CONCLUSION DE LA DEUXIÈME PARTIE

La protection des minorités par les polices anglaise et française emprunte les voies du droit dont l’expression est à la fois légale et symbolique. Légale lorsqu’il s’agit pour la police de veiller à l’application de la loi pénale dans sa tâche de poursuite et/ ou de recherche des auteurs d’infractions à caractère racial ou xénophobe. Dans ce cadre, tout un dispositif institutionnel, législatif et réglementaire est mis en place et est à l’oeuvre pour atteindre un tel objectif.

La lutte policière contre le racisme trouve toutefois une certaine limite ; ce sont alors des actes à teneur symbolique assez forte qui sont davantage mis en oeuvre : telles sont les actions de la police en matière de recrutement ethnique, qu’il soit implicite comme en France ou plus explicite comme en Angleterre, ainsi qu’en matière de formation des agents relativement à la question minoritaire.

Cet effort symbolique trouve une traduction juridique dans des textes législatifs et / ou réglementaires, il est également perceptible voire inscrit dans les rapports officiels portant sur le recrutement et la formation dans la police. C’est alors vers une protection juridique, qui inclut à la fois une lutte policière contre le racisme, le souci d’un recrutement policier ethnique ainsi qu’une formation policière adaptée à la présence de minorités, que nous semblons assister. Cette protection juridique englobe ainsi une protection proprement pénale, une protection au moyen d’un recrutement ouvert aux minorités et enfin une protection à travers une formation à la question minoritaire.

La protection pénale initiée par la police rencontre certaines difficultés tenant pour l’essentiel à l’absence d’une infraction spécifique de violence raciale : la spécificité de l’agression raciale, au contraire de l’agression sexuelle, n’est pas reconnue, bien que des débats en ce sens ont cours, en particulier au sein du Parlement britannique. Une avancée significative est toutefois apportée par la loi anti-criminalité de 1998 (Crime and Disorder Act 1998)
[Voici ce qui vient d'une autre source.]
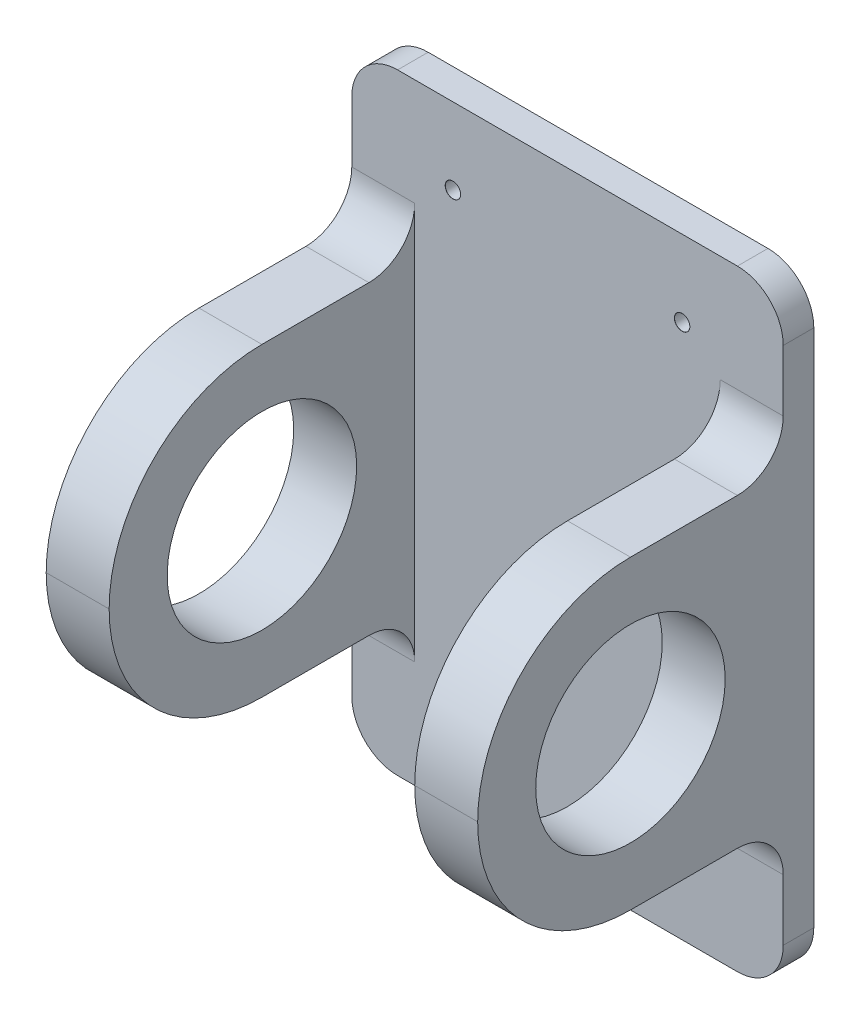
from build123d import *

# Parameters (mm, degrees)
SKETCH1_W                       = 200
SKETCH1_H                       = 141.2
BOSS_EXTRUDE1_DEPTH             = 10
SKETCH2_W                       = 100
SKETCH2_H                       = 20.6
BOSS_EXTRUDE2_DEPTH             = 100
FILLET1_R                       = 50
F_10_0MM_DOWEL_HOLE1_D          = 62
F_5_0MM_DOWEL_HOLE1_D           = 5
F_5_0MM_DOWEL_HOLE1_CSINK_D     = 5.05
F_5_0MM_DOWEL_HOLE1_CSINK_ANGLE = 90
FILLET2_R                       = 15


with BuildPart() as part:
    # Sketch1 → Boss-Extrude1 (new body)
    with BuildSketch(Plane(origin=(0, 0, 0), x_dir=(0, 1, 0), z_dir=(0, 0, 1))):
        Rectangle(SKETCH1_W, SKETCH1_H)
    extrude(amount=-BOSS_EXTRUDE1_DEPTH)

    # Sketch2 → Boss-Extrude2 (add)
    with BuildSketch(Plane(origin=(0, 0, 0), x_dir=(0, 1, 0), z_dir=(0, 0, 1))):
        with Locations((0, 60.3)):
            Rectangle(SKETCH2_W, SKETCH2_H)
        with Locations((0, -60.3)):
            Rectangle(SKETCH2_W, SKETCH2_H)
    extrude(amount=BOSS_EXTRUDE2_DEPTH)

    # Fillet1
    fillet1_edges = [part.edges().sort_by_distance(p)[0] for p in [
        (60.3, 50, 100),
        (60.3, -50, 100),
        (-60.3, 50, 100),
        (-60.3, -50, 100),
    ]]
    fillet(fillet1_edges, radius=FILLET1_R - 0.0001)  # a hair under: the kernel refuses the full size

    # Ø10.0mm Dowel Hole1 (through all)
    with Locations(Plane.YZ.offset(70.6)):
        with Locations((0, 50)):
            Hole(F_10_0MM_DOWEL_HOLE1_D / 2)

    # Ø5.0mm Dowel Hole1 (through all)
    with Locations(Plane(origin=(0, 0, 0), x_dir=(0, 1, 0), z_dir=(0, 0, 1))):
        with Locations((75, -37.5), (-75, 37.5), (-75, -37.5), (75, 37.5)):
            CounterSinkHole(F_5_0MM_DOWEL_HOLE1_D / 2, F_5_0MM_DOWEL_HOLE1_CSINK_D / 2, counter_sink_angle=F_5_0MM_DOWEL_HOLE1_CSINK_ANGLE)

    # Fillet2
    fillet2_edges = [part.edges().sort_by_distance(p)[0] for p in [
        (-60.3, -50, 0),
        (-60.3, 50, 0),
        (60.3, -50, 0),
        (60.3, 50, 0),
        (-70.6, -100, -5),
        (-70.6, 100, -5),
        (70.6, 100, -5),
        (70.6, -100, -5),
    ]]
    fillet(fillet2_edges, radius=FILLET2_R)


solid = part.part

Les limites de la réponse policière face aux attaques à caractère racial tiennent aussi à la faible voire à l’absence de volonté politique de protéger les victimes de ces actes notamment lorsqu’elles appartiennent à certaines catégories de populations signalées elles-mêmes comme potentiellement délinquantes. A ce niveau, la police semble pourtant jouer un rôle crucial dans l’efficacité ou non d’une telle protection pénale. En d’autres termes, la définition d’une infraction de violence raciale a peu de portée à l’égard des individus à protéger si elle n’est pas suivie d’une forte volonté politique de lutter contre ces actes d’atteinte à la dignité de la personne humaine. De la prise en considération de l’importance d’une telle lutte nous semble en effet dépendre le degré de légitimité du système politique en général, et en particulier de l’institution policière.

Ce constat apparaît notamment lorsqu’on examine les efforts déployés comparé au faible résultat escompté dans l’ouverture des corps de police aux minorités et dans l’efficacité de la formation policière.

Le souci de représentativité de la population au sein des corps de police semble souvent guider la recherche d’un recrutement ethnique ou spécifique dirigé vers une certaine frange de la population. Cet effort par trop “artificiel”, car trop intéressé, se trouve en porte à faux avec la protection policière effectivement apportée au public en question. L’expérience anglaise montre ainsi qu’un tel préalable doit être levé pour que la police soit à l’image de sa population.

La formation policière quant à elle veut, à défaut de voir ce projet de recrutement aboutir à court terme, agir sur les hommes : la perception négative des minorités se voit ainsi être combattue par une action sur les mentalités des agents de police. Une bonne police de maintien de l’ordre, au sens général du terme, devient alors une police bien formée aux relations avec le public, en particulier avec certaines populations.

La connaissance de ce public spécifique est saisie sur le plan historique, culturel, voire religieux. Le risque d’une telle approche est de par trop stigmatiser les différences au lieu de réaffirmer une évidence qui semble échapper à une telle vision pédagogique : le respect de la légalité, le principe de l’égalité devant la loi ou de non-discrimination. Une telle approche tend, au fond, à davantage éloigner les agents de police du public spécifique marqué du sceau de l’ “extranéité“. Insister, dans le cadre de la formation policière, sur les particularismes ou spécificités culturelles, ethniques ou religieuses de certaines populations, ne doit pas occulter l’universalité du respect de la dignité de la personne humaine.

Pour qu’une formation soit un tant soit peu efficace, il faut certes approfondir au mieux les savoirs relatifs à ces populations ainsi désignées, mais aussi et surtout exiger, de la part des autorités publiques en charge de la formation policière, qu’elles développent dans l’esprit des agents l’exercice nécessaire d’une police digne d’un Etat de droit. De cette nécessité dépend en effet la légitimité de l’institution policière libérale.